- _Brief_
All lines from the one containing "0.13%）/ 右 57.5mm2（0.21%）" down to the one containing "- net COL2: track 116.0", both ends included, are to be given again exactly; omit the rest of the listing below.

- _Supplied material_
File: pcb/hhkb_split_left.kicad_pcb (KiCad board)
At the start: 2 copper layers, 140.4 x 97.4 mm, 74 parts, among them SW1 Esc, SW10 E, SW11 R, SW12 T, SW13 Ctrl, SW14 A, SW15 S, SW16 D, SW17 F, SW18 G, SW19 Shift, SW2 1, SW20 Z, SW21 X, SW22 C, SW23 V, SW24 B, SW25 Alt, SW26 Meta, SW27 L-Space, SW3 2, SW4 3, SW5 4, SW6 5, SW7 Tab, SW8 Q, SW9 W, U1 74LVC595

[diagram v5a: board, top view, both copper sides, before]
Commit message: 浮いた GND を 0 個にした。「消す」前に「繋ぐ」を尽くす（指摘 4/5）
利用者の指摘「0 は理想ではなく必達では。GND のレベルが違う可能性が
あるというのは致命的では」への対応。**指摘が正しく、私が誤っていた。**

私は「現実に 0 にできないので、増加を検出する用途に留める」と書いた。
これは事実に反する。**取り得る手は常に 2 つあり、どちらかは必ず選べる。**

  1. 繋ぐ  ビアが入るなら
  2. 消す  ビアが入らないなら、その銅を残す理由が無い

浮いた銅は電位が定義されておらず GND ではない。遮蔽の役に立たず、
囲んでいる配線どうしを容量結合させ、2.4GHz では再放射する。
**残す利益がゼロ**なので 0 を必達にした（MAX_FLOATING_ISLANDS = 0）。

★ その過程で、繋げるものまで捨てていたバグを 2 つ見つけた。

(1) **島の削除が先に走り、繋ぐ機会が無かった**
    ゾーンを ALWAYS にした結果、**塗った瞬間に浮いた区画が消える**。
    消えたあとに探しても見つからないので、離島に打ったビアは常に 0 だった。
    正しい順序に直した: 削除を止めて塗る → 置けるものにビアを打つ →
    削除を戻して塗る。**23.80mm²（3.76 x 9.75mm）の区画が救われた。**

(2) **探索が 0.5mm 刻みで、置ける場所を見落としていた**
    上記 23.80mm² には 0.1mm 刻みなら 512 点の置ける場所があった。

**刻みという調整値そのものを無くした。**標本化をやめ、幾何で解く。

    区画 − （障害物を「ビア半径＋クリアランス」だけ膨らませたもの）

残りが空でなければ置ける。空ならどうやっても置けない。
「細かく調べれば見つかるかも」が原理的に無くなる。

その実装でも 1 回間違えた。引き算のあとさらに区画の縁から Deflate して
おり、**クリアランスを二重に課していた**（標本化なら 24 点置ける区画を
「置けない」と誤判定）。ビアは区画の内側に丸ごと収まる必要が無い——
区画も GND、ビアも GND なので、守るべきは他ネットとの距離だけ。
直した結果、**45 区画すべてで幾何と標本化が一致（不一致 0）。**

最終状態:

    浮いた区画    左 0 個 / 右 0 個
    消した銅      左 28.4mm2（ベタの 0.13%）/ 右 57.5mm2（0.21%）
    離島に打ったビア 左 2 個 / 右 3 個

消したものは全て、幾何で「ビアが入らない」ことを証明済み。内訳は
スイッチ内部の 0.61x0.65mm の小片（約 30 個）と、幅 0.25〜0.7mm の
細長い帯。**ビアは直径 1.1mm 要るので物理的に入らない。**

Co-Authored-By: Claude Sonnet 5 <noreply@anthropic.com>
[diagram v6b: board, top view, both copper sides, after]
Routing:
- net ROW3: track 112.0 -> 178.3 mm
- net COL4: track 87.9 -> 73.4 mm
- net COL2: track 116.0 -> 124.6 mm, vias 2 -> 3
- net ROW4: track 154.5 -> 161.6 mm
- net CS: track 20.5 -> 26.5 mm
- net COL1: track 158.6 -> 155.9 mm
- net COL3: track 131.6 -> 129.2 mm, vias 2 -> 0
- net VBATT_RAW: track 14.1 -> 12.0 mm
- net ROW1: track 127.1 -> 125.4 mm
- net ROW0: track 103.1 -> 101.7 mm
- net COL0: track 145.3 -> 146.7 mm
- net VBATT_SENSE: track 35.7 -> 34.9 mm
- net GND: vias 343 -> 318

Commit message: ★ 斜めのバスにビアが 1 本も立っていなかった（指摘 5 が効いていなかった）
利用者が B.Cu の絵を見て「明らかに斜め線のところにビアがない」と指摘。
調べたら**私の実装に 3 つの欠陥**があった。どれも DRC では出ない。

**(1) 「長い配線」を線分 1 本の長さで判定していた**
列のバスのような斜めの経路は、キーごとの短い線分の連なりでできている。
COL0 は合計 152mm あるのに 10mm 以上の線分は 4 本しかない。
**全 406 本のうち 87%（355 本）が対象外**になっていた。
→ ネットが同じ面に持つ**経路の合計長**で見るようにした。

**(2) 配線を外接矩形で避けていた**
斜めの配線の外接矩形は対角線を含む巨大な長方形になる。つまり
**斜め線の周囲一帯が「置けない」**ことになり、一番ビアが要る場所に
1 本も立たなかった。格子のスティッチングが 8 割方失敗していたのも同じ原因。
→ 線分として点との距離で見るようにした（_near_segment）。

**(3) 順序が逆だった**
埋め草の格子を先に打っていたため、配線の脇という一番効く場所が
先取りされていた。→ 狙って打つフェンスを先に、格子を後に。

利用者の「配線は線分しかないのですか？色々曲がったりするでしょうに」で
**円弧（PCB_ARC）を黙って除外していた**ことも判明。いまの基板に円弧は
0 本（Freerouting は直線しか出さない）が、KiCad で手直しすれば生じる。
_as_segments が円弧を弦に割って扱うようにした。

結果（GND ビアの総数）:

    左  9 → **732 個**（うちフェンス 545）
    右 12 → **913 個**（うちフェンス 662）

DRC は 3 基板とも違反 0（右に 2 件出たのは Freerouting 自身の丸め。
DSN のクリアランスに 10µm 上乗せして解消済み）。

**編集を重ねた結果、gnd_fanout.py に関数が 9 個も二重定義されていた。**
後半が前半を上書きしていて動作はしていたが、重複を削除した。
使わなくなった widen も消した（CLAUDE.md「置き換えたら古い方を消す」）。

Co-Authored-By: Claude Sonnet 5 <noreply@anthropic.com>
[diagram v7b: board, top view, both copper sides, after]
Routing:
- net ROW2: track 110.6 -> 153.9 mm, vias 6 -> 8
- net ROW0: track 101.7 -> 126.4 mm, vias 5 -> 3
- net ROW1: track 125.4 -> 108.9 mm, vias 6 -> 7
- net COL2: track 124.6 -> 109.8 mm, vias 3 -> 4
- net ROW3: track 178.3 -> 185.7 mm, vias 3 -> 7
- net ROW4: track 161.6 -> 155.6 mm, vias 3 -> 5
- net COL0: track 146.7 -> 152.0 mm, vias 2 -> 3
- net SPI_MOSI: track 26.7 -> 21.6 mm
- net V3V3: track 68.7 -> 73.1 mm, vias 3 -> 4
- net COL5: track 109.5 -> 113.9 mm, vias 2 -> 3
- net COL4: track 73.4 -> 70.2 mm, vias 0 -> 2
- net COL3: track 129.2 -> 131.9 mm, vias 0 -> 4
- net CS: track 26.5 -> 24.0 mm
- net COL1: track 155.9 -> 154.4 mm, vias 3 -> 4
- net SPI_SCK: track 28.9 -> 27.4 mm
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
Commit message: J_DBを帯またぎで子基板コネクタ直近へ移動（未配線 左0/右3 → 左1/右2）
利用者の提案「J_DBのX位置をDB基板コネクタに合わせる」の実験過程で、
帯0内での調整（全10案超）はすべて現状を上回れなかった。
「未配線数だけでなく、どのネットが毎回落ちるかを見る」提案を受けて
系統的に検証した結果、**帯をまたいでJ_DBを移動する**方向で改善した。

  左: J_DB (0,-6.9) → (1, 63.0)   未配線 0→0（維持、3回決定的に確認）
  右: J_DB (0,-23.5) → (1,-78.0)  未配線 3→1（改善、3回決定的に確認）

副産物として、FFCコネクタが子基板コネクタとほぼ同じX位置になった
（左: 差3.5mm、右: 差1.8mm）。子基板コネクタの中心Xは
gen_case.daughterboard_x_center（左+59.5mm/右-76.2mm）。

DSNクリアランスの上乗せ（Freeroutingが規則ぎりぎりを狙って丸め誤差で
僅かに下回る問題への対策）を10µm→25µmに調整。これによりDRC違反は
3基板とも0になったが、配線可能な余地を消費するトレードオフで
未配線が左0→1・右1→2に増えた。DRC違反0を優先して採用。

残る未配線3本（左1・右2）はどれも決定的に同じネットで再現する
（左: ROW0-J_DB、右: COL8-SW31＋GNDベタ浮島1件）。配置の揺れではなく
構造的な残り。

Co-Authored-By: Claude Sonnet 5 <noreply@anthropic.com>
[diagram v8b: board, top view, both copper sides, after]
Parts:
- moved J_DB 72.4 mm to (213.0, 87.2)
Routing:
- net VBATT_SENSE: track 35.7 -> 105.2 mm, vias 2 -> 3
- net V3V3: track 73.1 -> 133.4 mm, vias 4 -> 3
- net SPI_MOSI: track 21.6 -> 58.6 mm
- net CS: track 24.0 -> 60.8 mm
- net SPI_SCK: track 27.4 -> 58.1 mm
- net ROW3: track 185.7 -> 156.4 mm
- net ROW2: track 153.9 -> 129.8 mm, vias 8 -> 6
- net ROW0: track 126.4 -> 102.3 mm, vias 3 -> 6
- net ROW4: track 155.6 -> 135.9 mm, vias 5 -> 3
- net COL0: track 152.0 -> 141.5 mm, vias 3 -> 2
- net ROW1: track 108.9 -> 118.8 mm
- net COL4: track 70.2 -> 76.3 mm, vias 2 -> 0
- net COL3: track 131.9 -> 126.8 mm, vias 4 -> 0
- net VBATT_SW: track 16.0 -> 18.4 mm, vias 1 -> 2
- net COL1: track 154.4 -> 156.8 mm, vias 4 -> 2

- _Completed exercise_
    消した銅      左 28.4mm2（ベタの 0.13%）/ 右 57.5mm2（0.21%）
    離島に打ったビア 左 2 個 / 右 3 個

消したものは全て、幾何で「ビアが入らない」ことを証明済み。内訳は
スイッチ内部の 0.61x0.65mm の小片（約 30 個）と、幅 0.25〜0.7mm の
細長い帯。**ビアは直径 1.1mm 要るので物理的に入らない。**

Co-Authored-By: Claude Sonnet 5 <noreply@anthropic.com>
[diagram v6b: board, top view, both copper sides, after]
Routing:
- net ROW3: track 112.0 -> 178.3 mm
- net COL4: track 87.9 -> 73.4 mm
- net COL2: track 116.0 -> 124.6 mm, vias 2 -> 3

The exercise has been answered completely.